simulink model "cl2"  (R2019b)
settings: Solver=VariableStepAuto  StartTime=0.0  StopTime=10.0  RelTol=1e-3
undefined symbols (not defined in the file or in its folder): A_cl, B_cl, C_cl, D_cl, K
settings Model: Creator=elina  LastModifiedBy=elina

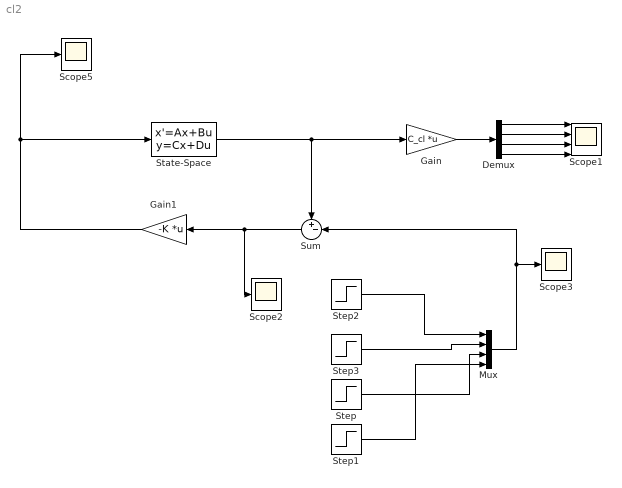
== system cl2 ==
  Demux : Demux
  Gain : Gain  Gain=C_cl  Multiplication=Matrix(K*u)
  Gain1 : Gain  Gain=-K  Multiplication=Matrix(K*u)
  Mux : Mux
  Scope1 : Scope  NumInputPorts=4
  Scope2 : Scope
  Scope3 : Scope
  Scope5 : Scope
  State-Space : StateSpace  A=A_cl  B=B_cl  C=C_cl  D=D_cl  InitialCondition=[0 2.8 0 0]
  Step : Step  Time=0  After=0  SampleTime=0
  Step1 : Step  After=0  SampleTime=0
  Step2 : Step  Time=0  After=10  SampleTime=0
  Step3 : Step  After=0  SampleTime=0
  Sum : Sum  Inputs=+-|
  wires:
  Gain/1 -> Demux/1
  Demux/1 -> Scope1/1
  Demux/2 -> Scope1/2
  Demux/3 -> Scope1/3
  Demux/4 -> Scope1/4
  Gain1/1 -> Scope5/1, State-Space/1
  State-Space/1 -> Sum/1, Gain/1
  Sum/1 -> Gain1/1, Scope2/1
  Step2/1 -> Mux/1
  Step3/1 -> Mux/2
  Step/1 -> Mux/3
  Step1/1 -> Mux/4
  Mux/1 -> Sum/2, Scope3/1

• [TASK TO COMPLETE]: Look through the data and show every line containing "After".

• [ANSWER SECTION]:
  Step : Step  Time=0  After=0  SampleTime=0
  Step1 : Step  After=0  SampleTime=0
  Step2 : Step  Time=0  After=10  SampleTime=0
  Step3 : Step  After=0  SampleTime=0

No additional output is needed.